Effect of matrix/reinforcement particle size ratio (PSR) on the mechanical properties of extruded Al-SiC composites

This paper studied the combined effects of matrix-to-reinforcement particle size ratio (PSR) and SiC volume fraction on the mechanical properties of extruded Al-SiC composites. A powder metallurgy technique (PM) of cold pressing at 500 MPa followed by hot extrusion at 580 degrees C was adopted to produce Al/SiC composite. Aluminum powder of size 60 m and silicon carbide with different sizes, i.e., 50, 20, and 8 m, were used. Three different volume fractions of SiC were employed, i.e., 5, 10, and 15%, for each investigated size using a constant extrusion ratio of 14.36. The effect of matrix-to-reinforcement PSR on the reinforcement spatial distribution, fabricability, and resulting mechanical properties of a PM-processed Al/SiC composite were investigated.
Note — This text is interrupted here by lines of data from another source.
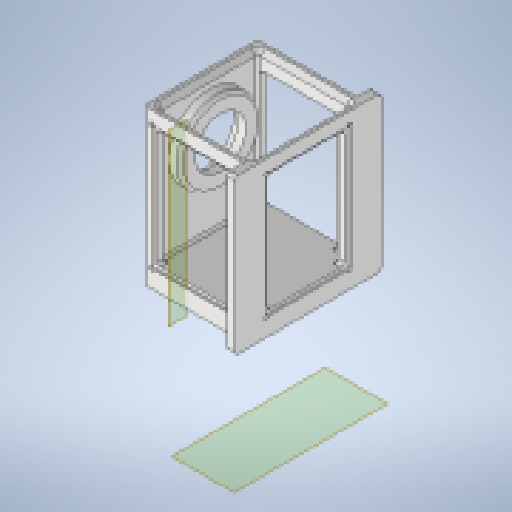
# Autodesk Inventor part: cuvette-w70mm-slide50x75mm-v1
Saved by Autodesk Inventor 2024 (Build 280153000, 153)
## iProperties
Created: 2025-09-30
Part Number: cuvette-w70mm-slide50x75mm-v1
Material: Generic
Document SubType Name: Modeling
Designer: N.Vladimirov
Density: 1 g/cm^3
Appearance: Default
Author: N.Vladimirov
Autodesk Inventor part; units mm, degrees
ref_plane "YZ Plane" through (0, 0, 0) normal (1, 0, 0) x (0, 1, 0)
ref_plane "XZ Plane" through (0, 0, 0) normal (0, 1, 0) x (-1, 0, 0)
ref_plane "XY Plane" through (0, 0, 0) normal (0, 0, 1) x (1, 0, 0)
sketch "Sketch1" plane through (0, 0, 0) normal (0, 0, 1) x (1, 0, 0)
  line L0 (30.5, -35) -> (-30.5, -35)
  line L1 (-30.5, -35) -> (-30.5, 35)
  line L2 (-30.5, 35) -> (30.5, 35)
  line L3 (30.5, 35) -> (30.5, -35)
  line L4 (30.5, -35) -> (-30.5, 35) construction
  line L5 (-30.5, -35) -> (30.5, 35) construction
  point P0 (0, 0)
  dimension "d0" = 61
  dimension "d1" = 70
  constraints: 12 end point, 2 midpoint, 2 parallel, 1 horizontal, 1 perpendicular
  measures "d0" distance of L1.end L2.end
  measures "d1" distance of L0.end L1.end
extrude "Extrusion1" add sketch "Sketch1" along normal blind 95.25
sketch "Sketch2" plane through (30.5, -35, 0) normal (1, 0, 0) x (0, 0, -1)
  line L0 (0, 0) -> (0, 70) projected
  line L1 (0, 70) -> (-95.25, 70) projected
  line L2 (-95.25, 0) -> (-95.25, 70) projected
  line L3 (0, 0) -> (-95.25, 0) projected
  line L4 (0, 70) -> (-95.25, 70) projected
  line L5 (-95.25, 70) -> (0, 70)
  line L6 (0, 70) -> (0, 80)
  line L7 (0, 80) -> (-95.25, 80)
  line L8 (-95.25, 80) -> (-95.25, 70)
  line L9 (-95.25, 70) -> (-95.25, 0) projected
  line L10 (-95.25, 0) -> (0, 0)
  line L11 (0, 0) -> (0, -10)
  line L12 (0, -10) -> (-95.25, -10)
  line L13 (-95.25, -10) -> (-95.25, 0)
  point P0 (0, 35)
  dimension "d4" = 10
  dimension "d5" = 10
  constraints: 16 end point, 4 parallel, 2 horizontal, 2 perpendicular, 1 point on line
  measures "d4" distance of L6.end L5.end
  measures "d5" distance of L10.end L11.end
extrude "Extrusion2" add sketch "Sketch2" along normal blind 5
sketch "Sketch12" plane through (35.5, -35, 0) normal (1, 0, 0) x (0, 0, -1)
  line L0 (-83.021, 9.25) -> (-9.5, 9.25)
  line L1 (-8, 10.75) -> (-8, 59.25)
  line L2 (-9.5, 60.75) -> (-83.021, 60.75)
  line L3 (-84.5, 59.5) -> (-84.5, 11)
  line L4 (-10, 56.75) -> (-10, 13.25)
  line L5 (-12, 11.25) -> (-80.5, 11.25)
  line L6 (-82.5, 13.25) -> (-82.5, 56.75)
  line L7 (-80.5, 58.75) -> (-12, 58.75)
  line L8 (0, -10) -> (0, 80) projected
  arc A0 (-10, 56.75) -> (-12, 58.75) centre (-12, 56.75) ccw
  arc A1 (-12, 11.25) -> (-10, 13.25) centre (-12, 13.25) ccw
  arc A2 (-82.5, 13.25) -> (-80.5, 11.25) centre (-80.5, 13.25) ccw
  arc A3 (-80.5, 58.75) -> (-82.5, 56.75) centre (-80.5, 56.75) ccw
  arc A4 (-8, 59.25) -> (-9.5, 60.75) centre (-8, 60.75) ccw
  arc A5 (-9.5, 9.25) -> (-8, 10.75) centre (-8, 9.25) ccw
  arc A6 (-83.021, 60.75) -> (-84.5, 59.5) centre (-84.5, 61) ccw
  arc A7 (-84.5, 11) -> (-83.021, 9.25) centre (-84.5, 9.5) ccw
  line L9 (0, 35) -> (-110.0583, 35)
  point P0 (0, -8)
  point P1 (0, 78)
  dimension "d57" = 2
  dimension "d58" = 8
  dimension "d59" = 2
  dimension "d60" = 3
  dimension "d61" = 3
  dimension "d62" = 3
  dimension "d63" = 3
  dimension "d119" = 2
  dimension "d120" = 76.5
  dimension "d121" = 51.5
  dimension "d122" = 2
  dimension "d123" = 2
  constraints: 18 end point, 16 point on circle, 8 centre point, 8 tangent, 4 parallel, 3 equal radius, 2 horizontal, 2 perpendicular, 1 other
  measures "d57" distance between parallel lines of L1 L4
  measures "d58" distance between parallel lines of L1 L8
  measures "d59" radius of A0
  measures "d60" diameter of A4
  measures "d61" diameter of A5
  measures "d62" diameter of A6
  measures "d63" diameter of A7
  measures "d119" distance between parallel lines of L3 L6
  measures "d120" distance between parallel lines of L3 L1
  measures "d121" distance between parallel lines of L0 L2
  measures "d122" distance between parallel lines of L7 L2
  measures "d123" distance between parallel lines of L5 L0
sketch "Sketch13" plane through (-30.5, -35, 0) normal (-1, 0, 0) x (0, 0, 1)
  line L0 (8, 10.75) -> (8, 59.25) projected
  line L1 (10, 56.75) -> (10, 13.25) projected
  line L2 (83.021, 9.25) -> (9.5, 9.25) projected
  arc A0 (8, 10.75) -> (9.5, 9.25) centre (8, 9.25) ccw projected
  line L3 (12, 11.25) -> (80.5, 11.25) projected
  arc A1 (10, 13.25) -> (12, 11.25) centre (12, 13.25) ccw projected
  arc A2 (9.5, 60.75) -> (8, 59.25) centre (8, 60.75) ccw projected
  line L4 (9.5, 60.75) -> (83.021, 60.75) projected
  line L5 (80.5, 58.75) -> (12, 58.75) projected
  line L6 (84.5, 59.5) -> (84.5, 11) projected
  line L7 (82.5, 13.25) -> (82.5, 56.75) projected
  arc A3 (84.5, 59.5) -> (83.021, 60.75) centre (84.5, 61) ccw projected
  arc A4 (83.021, 9.25) -> (84.5, 11) centre (84.5, 9.5) ccw projected
  arc A5 (80.5, 11.25) -> (82.5, 13.25) centre (80.5, 13.25) ccw projected
  arc A6 (82.5, 56.75) -> (80.5, 58.75) centre (80.5, 56.75) ccw projected
  arc A7 (12, 58.75) -> (10, 56.75) centre (12, 56.75) ccw projected
  point P0 (0, 35)
extrude "Extrusion12" cut sketch "Sketch12" against normal blind 20 contours L9 L4 A1 L5 A2 L6 | L6 A3 L7 A0 L4 L9
ref_plane "LightSheet Plane1" through (-5.1, -35, 0) normal (-1, 0, 0) x (0, 0, 1)
sketch "Sketch15" plane through (-30.5, 35, 95.25) normal (0, 1, 0) x (1, 0, 0)
  line L0 (54.25, 10.75) -> (6.25, 10.75)
  line L1 (4.75, 12.25) -> (4.75, 85.75)
  line L2 (6.25, 87.25) -> (54.75, 87.25)
  line L3 (56.25, 85.75) -> (56.25, 12.1642)
  line L4 (61, 95.25) -> (0, 95.25) projected
  line L5 (52.25, 85.25) -> (8.75, 85.25)
  line L6 (6.75, 83.25) -> (6.75, 14.75)
  line L7 (8.75, 12.75) -> (52.25, 12.75)
  line L8 (54.25, 14.75) -> (54.25, 83.25)
  arc A0 (8.75, 85.25) -> (6.75, 83.25) centre (8.75, 83.25) ccw
  arc A1 (54.25, 83.25) -> (52.25, 85.25) centre (52.25, 83.25) ccw
  arc A2 (52.25, 12.75) -> (54.25, 14.75) centre (52.25, 14.75) ccw
  arc A3 (6.75, 14.75) -> (8.75, 12.75) centre (8.75, 14.75) ccw
  arc A4 (6.25, 87.25) -> (4.75, 85.75) centre (4.75, 87.25) ccw
  arc A5 (56.25, 85.75) -> (54.75, 87.25) centre (56.25, 87.25) ccw
  arc A6 (54.25, 10.75) -> (56.25, 12.1642) centre (55.75, 10.75) ccw
  arc A7 (4.75, 12.25) -> (6.25, 10.75) centre (4.75, 10.75) ccw
  line L9 (30.5, 95.25) -> (30.5, -2.0422)
  dimension "d84" = 8
  dimension "d85" = 2
  dimension "d86" = 2
  dimension "d87" = 3
  dimension "d88" = 3
  dimension "d89" = 3
  dimension "d90" = 3
  dimension "d124" = 51.5
  dimension "d125" = 76.5
  dimension "d126" = 2
  dimension "d127" = 2
  dimension "d128" = 2
  constraints: 18 end point, 16 point on circle, 8 centre point, 8 tangent, 4 parallel, 3 equal radius, 2 perpendicular, 1 horizontal, 1 vertical, 1 other
  measures "d84" distance between parallel lines of L2 L4
  measures "d85" distance between parallel lines of L2 L5
  measures "d86" radius of A0
  measures "d87" diameter of A4
  measures "d88" diameter of A5
  measures "d89" diameter of A6
  measures "d90" diameter of A7
  measures "d124" distance between parallel lines of L3 L1
  measures "d125" distance between parallel lines of L0 L2
  measures "d126" distance between parallel lines of L0 L7
  measures "d127" distance between parallel lines of L6 L1
  measures "d128" distance between parallel lines of L8 L3
extrude "Extrusion16" cut sketch "Sketch15" against normal through all contours L9 L5 A1 L8 A2 L7 | L7 A3 L6 A0 L5 L9
sketch "Sketch16" plane through (-30.5, -35, 0) normal (0, -1, 0) x (1, 0, 0)
  line L0 (6.25, 8) -> (54.75, 8) projected
  arc A0 (4.75, 9.5) -> (6.25, 8) centre (4.75, 8) ccw projected
  line L1 (4.75, 83) -> (4.75, 9.5) projected
  arc A1 (54.75, 8) -> (56.25, 9.5) centre (56.25, 8) ccw projected
  line L2 (56.25, 9.5) -> (56.25, 83.0858) projected
  arc A2 (56.25, 83.0858) -> (54.25, 84.5) centre (55.75, 84.5) ccw projected
  line L3 (54.25, 84.5) -> (6.25, 84.5) projected
  arc A3 (6.25, 84.5) -> (4.75, 83) centre (4.75, 84.5) ccw projected
  point P0 (30.5, 0)
extrude "Extrusion17" cut sketch "Sketch16" against normal blind 1.5
sketch "Sketch17" plane through (0, 0, 0) normal (0, 0, -1) x (-1, 0, 0)
  line L0 (25.5, 30) -> (-30.5, 30)
  line L1 (-30.5, 30) -> (-30.5, -30)
  line L2 (-30.5, -30) -> (25.5, -30)
  line L3 (25.5, -30) -> (25.5, 30)
  line L4 (-30.5, 35) -> (30.5, 35) projected
  line L5 (30.5, 35) -> (30.5, -35) projected
  line L6 (30.5, -35) -> (-30.5, -35) projected
  line L7 (-30.5, 35) -> (-30.5, 45) projected
  point P0 (0, 0)
  dimension "d95" = 5
  dimension "d96" = 5
  dimension "d97" = 5
  dimension "d98" = 0
  constraints: 8 end point, 2 parallel, 1 horizontal, 1 perpendicular
  measures "d95" distance between parallel lines of L0 L4
  measures "d96" distance between parallel lines of L3 L5
  measures "d97" distance between parallel lines of L6 L2
  measures "d98" distance between parallel lines of L7 L1
extrude "Extrusion18" cut sketch "Sketch17" against normal up to surface (82.5 mm away)
fillet "Fillet2" radius 1.5 11 edges at (30.5, 25.875, 82.5) (26.125, 30, 82.5) (30.5, 30, 41.25) (30.5, -30, 41.25) (26.125, -30, 82.5) (30.5, -25.875, 82.5) (-25.5, -30, 41.25) (-25.5, 30, 41.25) (-25.5, 0, 82.5) (-23.625, 30, 82.5) (-23.625, -30, 82.5)
extrude "Extrusion19" cut sketch "Sketch15" against normal blind 1.5
fillet "Fillet3" radius 2 4 edges at (33, 45, 0) (33, 45, 95.25) (33, -45, 0) (33, -45, 95.25)
extrude "Extrusion20" cut sketch "Sketch12" against normal blind 1.5
sketch "Sketch18" plane through (0, 0, 95.25) normal (0, 0, 1) x (1, 0, 0)
  point P0 (0, 0)
  point P1 (0, 0)
  constraints: 1 coincident
hole "Hole2" at (0, 0, 95.25) direction (0, 0, -1) diameter 5.588 depth 10 tip angle 118 thread size "1/4-36 UNS" class "2B" standard "ANSI Unified Screw Threads"
sketch "Sketch19" plane through (-30.5, 35, 95.25) normal (0, 1, 0) x (1, 0, 0)
  circle A0 centre (30.5, 0) radius 0.5
  point P0 (30.5, 95.25)
  dimension "d116" = 1
  constraints: 1 centre point, 1 coincident
  measures "d116" diameter of A0
extrude "Extrusion22" cut sketch "Sketch19" against normal through all
chamfer "Chamfer1" distance 3 angle 45 8 edges at (-25.5, 0, 0) (-25.0607, -29.5607, 0) (2.5, -30, 0) (30.0607, -29.5607, 0) (30.5, 0, 0) (30.0607, 29.5607, 0) (2.5, 30, 0) (-25.0607, 29.5607, 0)
fillet "Fillet4" radius 2 2 edges at (-30.5, 35, 47.625) (-30.5, -35, 47.625)
ref_plane "Benchtop-Baseplate" through (0, 0, 166.25) normal (0, 0, 1) x (1, 0, 0)
sketch "Sketch21" plane through (-30.5, -33, 0) normal (-1, 0, 0) x (0, 0, 1)
  circle A0 centre (31.25, 33) radius 21
  line L0 (166.25, 96) -> (166.25, -30) projected
  circle A1 centre (31.25, 33) radius 15.5
  circle A2 centre (31.25, 33) radius 25
  point P0 (0, 33)
  dimension "d134" = 42
  dimension "d135" = 135
  dimension "d136" = 31
  dimension "d137" = 50
  constraints: 3 centre point, 2 coincident
  measures "d134" diameter of A0
  measures "d135" distance from line of L0 A0.centre
  measures "d136" diameter of A1
  measures "d137" diameter of A2
extrude "Extrusion23" add sketch "Sketch21" against normal blind 12 contours A0 | A1 | A2
fillet "Fillet5" radius 2 1 edges at (-18.5, 0, 6.25)
extrude "Extrusion24" cut sketch "Sketch21" against normal blind 7 contours A0
extrude "Extrusion25" cut sketch "Sketch21" against normal up to surface (12 mm away) contours A1
sketch "Sketch22" plane through (-30.5, -33, 0) normal (-1, 0, 0) x (0, 0, 1)
  circle A0 centre (87.75, 7.5) radius 3.3 projected
  circle A1 centre (87.75, 58.5) radius 3.3 projected
  point P0 (0, 33)
hole "Hole3" at (-30.5, -25.5, 87.75) at (-30.5, 25.5, 87.75) direction (1, 0, 0) diameter 4.917 depth 25 tip angle 118 thread size "M6x1" class "6H" standard "ISO Metric profile"
body "Solid1"

It has been shown that small ratio between matrix to reinforcement particle size resulted in more uniform distribution of the SiC particles in the matrix. As the PSR increases, the agglomerations and voids increase and the reinforcement particulates seem to have nonuniform distribution. In addition, the agglomerations increased as the volume fraction of the SiC increased. It has also been shown that homogenous distribution of the SiC particles resulted in higher yield strength, ultimate tensile strength, and elongation. Yield strength and ultimate tensile strength of the composite reinforced by PSR (1.2) are higher than those of composite reinforced by PSR (7.5), while the elongation shows opposite trend with yield strength and ultimate tensile strength.